When the venerable New York Gilbert & Sullivan Players bust out Utopia, Limited, it's usually for just one performance in a season that may include a handful of Pinafores or multiple Mikados. Utopia, after all, is neither the most popular nor (admittedly) the best G&S comic opera. It's certainly far from the best known, and before last night's performance at Peter Norton Symphony Space I had never seen it.
It may well be, however, the most appropriate for our times.
First produced in 1893, this late effort viciously lampoons some of the more newfangled forms capitalism had taken in Great Britain during the 1900s. It satirizes limited liability companies (which by declaring bankruptcy, or "winding up," could be absolved of their debts), as well as the idea that companies could be legally treated the same as "persons." (Gilbert would have a shock of deja vu were he here to observe the US Supreme Court's Citizens United decision.)
But, though shot through with almost grating cynicism, the show has many delights, and these were displayed amply by NYGASP in a spirited if slightly unpolished production. Perhaps because there was only one performance, with (I imagine) relatively scant rehearsal time, the chorus was on book and the mostly fine orchestra delivered a few sour notes—unlike in more perfected NYGASP productions I've seen at the more opulent City Center. But these things really mattered little.
First off, I was simply glad to experience a G&S story I'd never seen staged before. The story is typically absurd. The residents of the fictional Pacific island of Utopia live in a "lazy langour," ruled by benevolent monarch King Paramount (played with broad, rubbery humor by the clear-voiced baritone David Wannen).
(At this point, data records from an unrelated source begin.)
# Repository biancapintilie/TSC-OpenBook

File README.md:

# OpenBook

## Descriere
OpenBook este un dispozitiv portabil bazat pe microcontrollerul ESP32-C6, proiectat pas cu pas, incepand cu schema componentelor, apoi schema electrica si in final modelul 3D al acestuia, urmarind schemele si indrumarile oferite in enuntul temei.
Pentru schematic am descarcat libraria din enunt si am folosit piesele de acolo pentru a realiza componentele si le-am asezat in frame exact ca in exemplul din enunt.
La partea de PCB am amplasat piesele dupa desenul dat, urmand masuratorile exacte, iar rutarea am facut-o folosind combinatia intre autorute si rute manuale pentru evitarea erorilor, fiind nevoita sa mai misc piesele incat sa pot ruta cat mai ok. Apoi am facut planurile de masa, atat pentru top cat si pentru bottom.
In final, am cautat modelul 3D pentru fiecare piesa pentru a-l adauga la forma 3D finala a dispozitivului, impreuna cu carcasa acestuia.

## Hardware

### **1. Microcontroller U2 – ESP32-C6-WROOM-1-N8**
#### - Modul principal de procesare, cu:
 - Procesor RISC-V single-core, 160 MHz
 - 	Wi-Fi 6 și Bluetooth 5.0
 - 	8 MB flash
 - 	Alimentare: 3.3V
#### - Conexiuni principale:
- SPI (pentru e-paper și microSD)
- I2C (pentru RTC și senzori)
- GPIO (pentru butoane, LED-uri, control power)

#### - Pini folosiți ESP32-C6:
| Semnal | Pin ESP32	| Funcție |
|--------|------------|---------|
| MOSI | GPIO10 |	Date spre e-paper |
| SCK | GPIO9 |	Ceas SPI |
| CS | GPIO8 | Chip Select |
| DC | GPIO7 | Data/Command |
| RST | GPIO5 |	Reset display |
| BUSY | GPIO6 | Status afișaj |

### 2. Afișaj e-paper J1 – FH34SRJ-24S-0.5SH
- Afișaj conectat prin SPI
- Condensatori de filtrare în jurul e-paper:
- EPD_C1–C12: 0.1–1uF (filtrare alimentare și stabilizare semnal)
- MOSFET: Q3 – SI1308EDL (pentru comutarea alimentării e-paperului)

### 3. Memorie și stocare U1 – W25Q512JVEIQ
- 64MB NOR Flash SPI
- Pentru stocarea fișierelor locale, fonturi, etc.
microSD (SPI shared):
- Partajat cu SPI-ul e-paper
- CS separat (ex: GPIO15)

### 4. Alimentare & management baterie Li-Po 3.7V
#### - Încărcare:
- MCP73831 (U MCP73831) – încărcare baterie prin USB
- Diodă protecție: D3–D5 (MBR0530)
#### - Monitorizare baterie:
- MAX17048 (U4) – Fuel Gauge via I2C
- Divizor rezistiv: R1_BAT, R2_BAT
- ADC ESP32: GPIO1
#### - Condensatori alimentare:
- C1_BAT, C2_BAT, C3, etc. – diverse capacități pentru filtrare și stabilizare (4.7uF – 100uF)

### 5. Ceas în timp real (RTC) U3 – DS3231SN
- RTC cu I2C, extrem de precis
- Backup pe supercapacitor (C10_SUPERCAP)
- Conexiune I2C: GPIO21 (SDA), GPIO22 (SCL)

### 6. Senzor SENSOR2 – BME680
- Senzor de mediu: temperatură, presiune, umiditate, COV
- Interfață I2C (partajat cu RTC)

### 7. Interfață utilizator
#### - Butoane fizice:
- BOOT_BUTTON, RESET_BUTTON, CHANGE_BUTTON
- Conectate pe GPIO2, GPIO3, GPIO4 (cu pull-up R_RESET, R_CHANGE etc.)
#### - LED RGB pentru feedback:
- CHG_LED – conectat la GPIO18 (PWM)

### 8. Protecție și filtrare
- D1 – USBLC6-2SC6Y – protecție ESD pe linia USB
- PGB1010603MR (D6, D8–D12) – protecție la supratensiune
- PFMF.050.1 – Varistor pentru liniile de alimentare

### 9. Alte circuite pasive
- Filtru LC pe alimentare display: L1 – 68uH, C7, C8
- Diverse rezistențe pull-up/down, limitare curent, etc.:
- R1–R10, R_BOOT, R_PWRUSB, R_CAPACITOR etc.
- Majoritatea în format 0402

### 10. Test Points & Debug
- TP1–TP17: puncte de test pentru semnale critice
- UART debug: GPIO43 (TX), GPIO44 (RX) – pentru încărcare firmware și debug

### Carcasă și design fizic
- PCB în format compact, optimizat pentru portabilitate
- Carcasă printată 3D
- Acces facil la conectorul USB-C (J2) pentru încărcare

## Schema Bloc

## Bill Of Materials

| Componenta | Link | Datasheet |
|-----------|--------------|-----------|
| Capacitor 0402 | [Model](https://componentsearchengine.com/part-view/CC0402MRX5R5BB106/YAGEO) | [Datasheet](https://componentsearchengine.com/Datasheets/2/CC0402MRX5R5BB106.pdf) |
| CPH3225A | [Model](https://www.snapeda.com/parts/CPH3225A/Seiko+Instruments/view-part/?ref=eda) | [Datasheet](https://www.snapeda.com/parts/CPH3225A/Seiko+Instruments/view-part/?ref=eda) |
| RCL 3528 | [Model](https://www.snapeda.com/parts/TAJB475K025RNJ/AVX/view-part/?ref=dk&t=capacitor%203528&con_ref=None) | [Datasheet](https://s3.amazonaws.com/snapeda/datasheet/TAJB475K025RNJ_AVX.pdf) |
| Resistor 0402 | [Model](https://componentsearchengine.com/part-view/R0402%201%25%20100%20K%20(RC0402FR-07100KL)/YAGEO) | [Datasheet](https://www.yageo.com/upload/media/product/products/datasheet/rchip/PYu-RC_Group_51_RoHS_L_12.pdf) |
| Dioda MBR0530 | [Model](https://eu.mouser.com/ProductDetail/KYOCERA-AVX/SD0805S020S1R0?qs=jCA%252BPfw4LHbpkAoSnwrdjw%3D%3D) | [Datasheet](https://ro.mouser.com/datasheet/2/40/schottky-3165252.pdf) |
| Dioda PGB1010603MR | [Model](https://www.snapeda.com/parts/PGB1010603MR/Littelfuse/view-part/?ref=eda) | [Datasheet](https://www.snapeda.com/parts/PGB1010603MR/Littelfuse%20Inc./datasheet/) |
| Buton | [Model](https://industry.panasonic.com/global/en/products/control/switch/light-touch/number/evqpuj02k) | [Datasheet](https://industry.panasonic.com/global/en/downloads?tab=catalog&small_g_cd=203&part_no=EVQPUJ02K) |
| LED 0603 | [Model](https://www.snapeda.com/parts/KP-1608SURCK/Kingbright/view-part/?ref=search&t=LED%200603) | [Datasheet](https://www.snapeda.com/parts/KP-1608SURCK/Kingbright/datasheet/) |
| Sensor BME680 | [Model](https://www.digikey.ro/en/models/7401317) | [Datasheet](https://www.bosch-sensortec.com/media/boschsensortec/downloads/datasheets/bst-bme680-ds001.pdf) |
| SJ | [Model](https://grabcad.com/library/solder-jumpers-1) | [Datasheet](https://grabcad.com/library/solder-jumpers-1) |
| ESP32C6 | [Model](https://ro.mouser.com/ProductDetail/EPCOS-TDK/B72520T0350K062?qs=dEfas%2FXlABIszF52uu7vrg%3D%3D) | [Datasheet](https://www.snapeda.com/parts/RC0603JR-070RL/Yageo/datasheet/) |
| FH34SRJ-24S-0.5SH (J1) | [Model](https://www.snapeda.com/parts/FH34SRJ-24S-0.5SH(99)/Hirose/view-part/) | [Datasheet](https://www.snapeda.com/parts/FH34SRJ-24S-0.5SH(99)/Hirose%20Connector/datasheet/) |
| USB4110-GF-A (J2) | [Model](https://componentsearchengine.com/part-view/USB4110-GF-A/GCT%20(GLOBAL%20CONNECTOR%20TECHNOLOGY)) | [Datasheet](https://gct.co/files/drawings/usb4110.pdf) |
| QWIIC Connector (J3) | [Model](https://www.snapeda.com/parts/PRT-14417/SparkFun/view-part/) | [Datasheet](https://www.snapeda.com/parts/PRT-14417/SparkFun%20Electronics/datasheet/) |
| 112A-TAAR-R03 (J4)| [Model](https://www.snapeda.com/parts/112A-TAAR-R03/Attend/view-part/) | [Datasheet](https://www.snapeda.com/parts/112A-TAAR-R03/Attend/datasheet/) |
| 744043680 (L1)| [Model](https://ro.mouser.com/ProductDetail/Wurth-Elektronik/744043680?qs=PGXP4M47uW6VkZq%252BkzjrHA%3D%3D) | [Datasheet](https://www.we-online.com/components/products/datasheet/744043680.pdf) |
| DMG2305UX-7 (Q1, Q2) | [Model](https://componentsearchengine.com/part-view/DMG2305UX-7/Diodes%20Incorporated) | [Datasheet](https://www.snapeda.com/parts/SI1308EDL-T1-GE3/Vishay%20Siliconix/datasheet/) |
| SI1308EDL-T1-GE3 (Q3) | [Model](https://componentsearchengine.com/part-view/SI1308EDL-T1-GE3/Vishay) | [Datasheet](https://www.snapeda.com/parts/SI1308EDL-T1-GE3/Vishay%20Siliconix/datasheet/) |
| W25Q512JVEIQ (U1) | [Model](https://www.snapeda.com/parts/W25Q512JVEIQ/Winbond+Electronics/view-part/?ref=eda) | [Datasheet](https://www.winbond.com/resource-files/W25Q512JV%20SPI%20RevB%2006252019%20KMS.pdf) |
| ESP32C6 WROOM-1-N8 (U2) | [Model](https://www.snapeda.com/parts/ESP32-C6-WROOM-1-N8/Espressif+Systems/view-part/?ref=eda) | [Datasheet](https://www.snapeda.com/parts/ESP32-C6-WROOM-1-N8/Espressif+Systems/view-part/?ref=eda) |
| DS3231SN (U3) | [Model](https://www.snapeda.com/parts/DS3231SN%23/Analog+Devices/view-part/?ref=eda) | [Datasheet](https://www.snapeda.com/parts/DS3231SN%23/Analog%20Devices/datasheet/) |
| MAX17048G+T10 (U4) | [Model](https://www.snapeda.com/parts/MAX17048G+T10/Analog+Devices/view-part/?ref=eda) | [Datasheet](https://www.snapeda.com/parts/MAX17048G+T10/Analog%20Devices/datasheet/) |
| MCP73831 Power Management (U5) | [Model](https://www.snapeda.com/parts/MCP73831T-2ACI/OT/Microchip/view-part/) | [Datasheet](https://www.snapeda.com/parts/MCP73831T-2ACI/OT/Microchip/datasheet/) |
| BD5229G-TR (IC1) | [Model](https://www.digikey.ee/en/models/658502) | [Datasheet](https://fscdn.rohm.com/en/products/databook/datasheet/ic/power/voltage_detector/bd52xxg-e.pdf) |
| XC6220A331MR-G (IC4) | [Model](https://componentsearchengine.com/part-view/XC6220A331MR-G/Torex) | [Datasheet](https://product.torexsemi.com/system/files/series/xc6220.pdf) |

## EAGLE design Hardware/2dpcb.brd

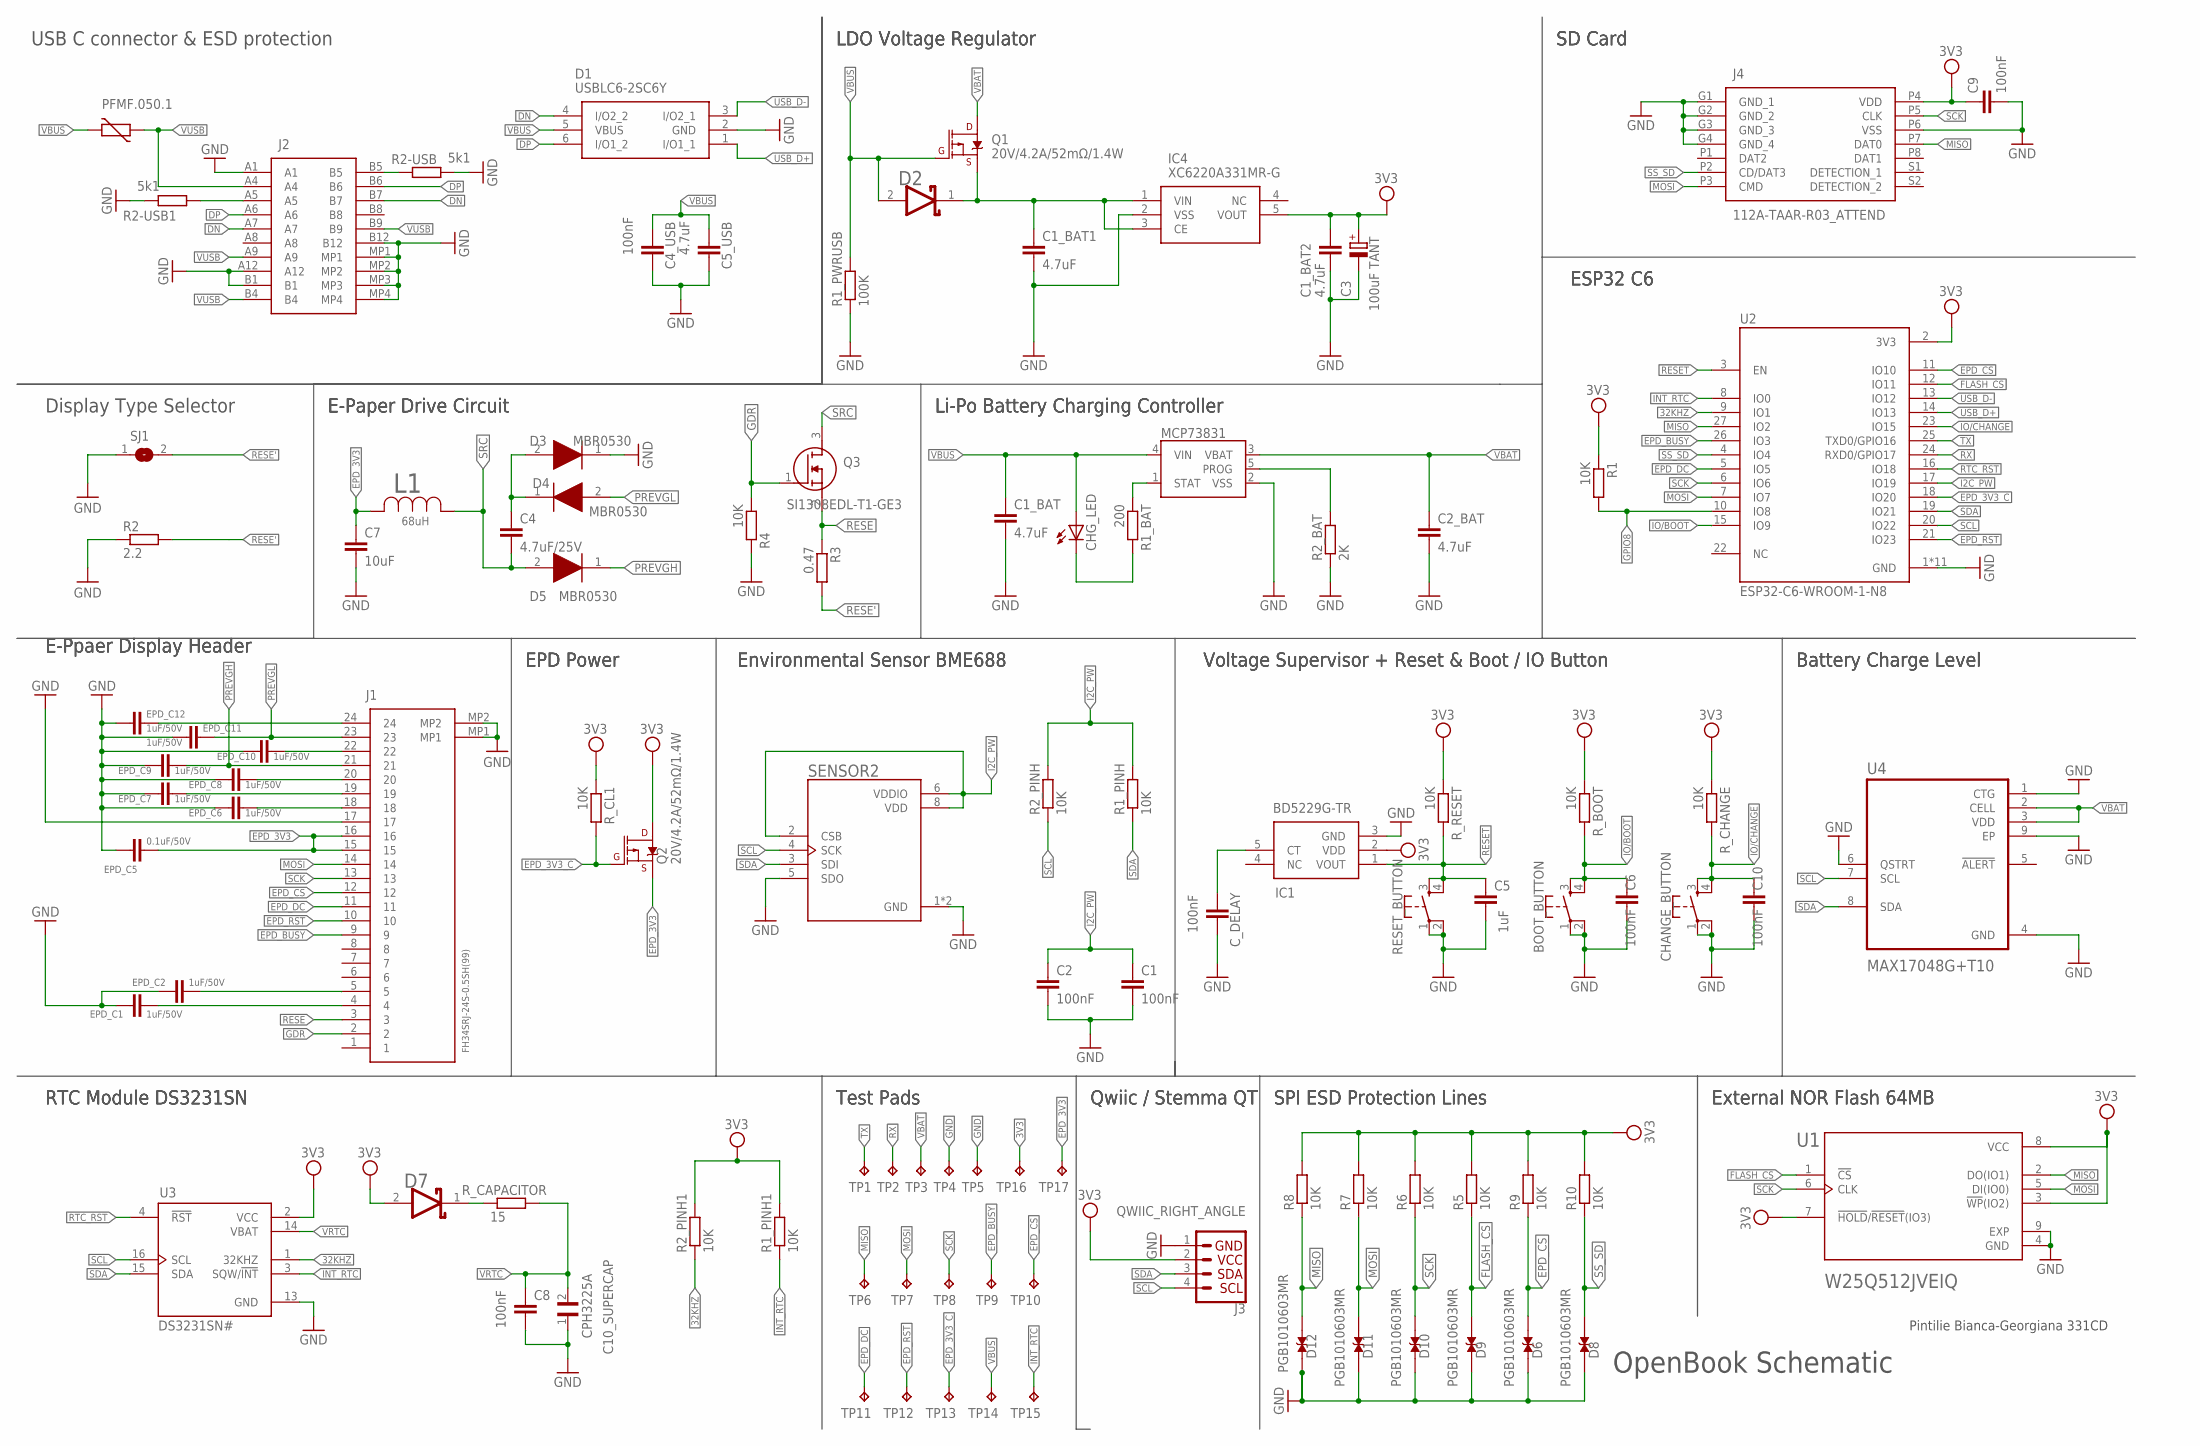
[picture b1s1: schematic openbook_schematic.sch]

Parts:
BOOT_BUTTON: BUTTON_CUSYOMV1; MYBUTTON
C1, C2, C4_USB, C6, C8, C9, C10: 100nF; EAGLE-LTSPICE_C0402
C1_BAT, C1_BAT1, C1_BAT2, C2_BAT, C5_USB: 4.7uF; EAGLE-LTSPICE_C0402
C3: 100uF TANT; RCL_CT3528
C4: 4.7uF/25V; EAGLE-LTSPICE_C0402
C5: 1uF; EAGLE-LTSPICE_C0402
C7: 10uF; EAGLE-LTSPICE_C0402
C10_SUPERCAP: CPH3225A; CAPCP3225X100N
CHANGE_BUTTON: BUTTON_CUSYOMV1; MYBUTTON
CHG_LED: ADAFRUIT_LEDCHIP-LED0603; ADAFRUIT_CHIP-LED0603
C_DELAY: 100nF; EAGLE-LTSPICE_C0402
D1: USBLC6-2SC6Y; SOT95P280X145-6N
D2, D7: ESP32_WROVER_AVX---SD0805S020S1R0_AVX_SD0805S020S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; ESP32_WROVER_AVX---SD0805S020S1R0_AVX_SD0805S020S1R0_0
D3, D4, D5: MBR0530; SOD3716X135N
D6, D8, D9, D10, D11, D12: PGB1010603MR; DIOC1608X36N
EPD_C1, EPD_C2, EPD_C6, EPD_C7, EPD_C8, EPD_C9, EPD_C10, EPD_C11, EPD_C12: 1uF/50V; ESP32_WROVER_EAGLE-LTSPICE_C0402
EPD_C5: 0.1uF/50V; ESP32_WROVER_EAGLE-LTSPICE_C0402
IC1: BD5229G-TR; SOT95P280X125-5N
IC4: XC6220A331MR-G; SOT95P280X120-5N
J1: FH34SRJ-24S-0.5SH_99_; FH34SRJ24S05SH99
J2: SAMACSYS_PARTS_USB4110-GF-A; SAMACSYS_PARTS_USB4110GFA
J3: QWIIC_RIGHT_ANGLE; JST04_1MM_RA
J4: 112A-TAAR-R03_ATTEND; 112ATAARR03ATTEND
L1: 68uH; IND_4828-WE-TPC_WRE
MCP73831: ESP32_WROVER_SPARKFUN-IC-POWER_MCP73831; ESP32_WROVER_SPARKFUN-IC-POWER_SOT23-5
PFMF.050.1: ESP32C6_VARISTORCN1812; ESP32C6_VARISTOR_CT/CN1812
Q1, Q2: 20V/4.2A/52mΩ/1.4W; ESP32_WROVER_SPARKFUN-DISCRETESEMI_SOT23-3
Q3: SI1308EDL-T1-GE3; SOT65P210X110-3N
R1, R1_PINH, R1_PINH1, R2_PINH, R2_PINH1, R4, R5, R6, R7, R8, R9, R10: 10K; ESP32_WROVER_EAGLE-LTSPICE_R0402
R1_BAT: 200; ESP32_WROVER_EAGLE-LTSPICE_R0402
R1_PWRUSB: 100K; ESP32_WROVER_EAGLE-LTSPICE_R0402
R2: 2.2; ESP32_WROVER_EAGLE-LTSPICE_R0402
R2-USB, R2-USB1: 5k1; ESP32_WROVER_EAGLE-LTSPICE_R0402
R2_BAT: 2K; ESP32_WROVER_EAGLE-LTSPICE_R0402
R3: 0.47; ESP32_WROVER_EAGLE-LTSPICE_R0402
RESET_BUTTON: BUTTON_CUSYOMV1; MYBUTTON
R_BOOT: 10K; ESP32_WROVER_EAGLE-LTSPICE_R0402
R_CAPACITOR: 15; ESP32_WROVER_EAGLE-LTSPICE_R0402
R_CHANGE: 10K; ESP32_WROVER_EAGLE-LTSPICE_R0402
R_CL1: 10K; ESP32_WROVER_EAGLE-LTSPICE_R0402
R_RESET: 10K; ESP32_WROVER_EAGLE-LTSPICE_R0402
SENSOR2: ESP32_WROVER_BME680_BME680; ESP32_WROVER_BME680_PSON80P300X300X100-8N
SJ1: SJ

However, two judges (the blissfully funny Stephen Quint and Stephen O'Brien) operate the king from behind the scenes for their own gain, aided by threats of doom from the "Public Exploder" (James Mills).
As British governess Lady Sophy (the graceful alto Erika Person) "finishes" the king's younger daughters to within an inch of their lives, his eldest, Princess Zara (Laurelyn Watson Chase), returns from several years in Britain with the gallant Captain Fitzbattleaxe (the sweet-voiced tenor Cameron Smith) on her arm and a quintet of gentleman known as the Flowers of Progress—a Lord Chamberlain, a barrister, a comptroller, and so on—imported to bring Britain's "civilized" ways to the backwards islanders, who proceed to take things a little too far.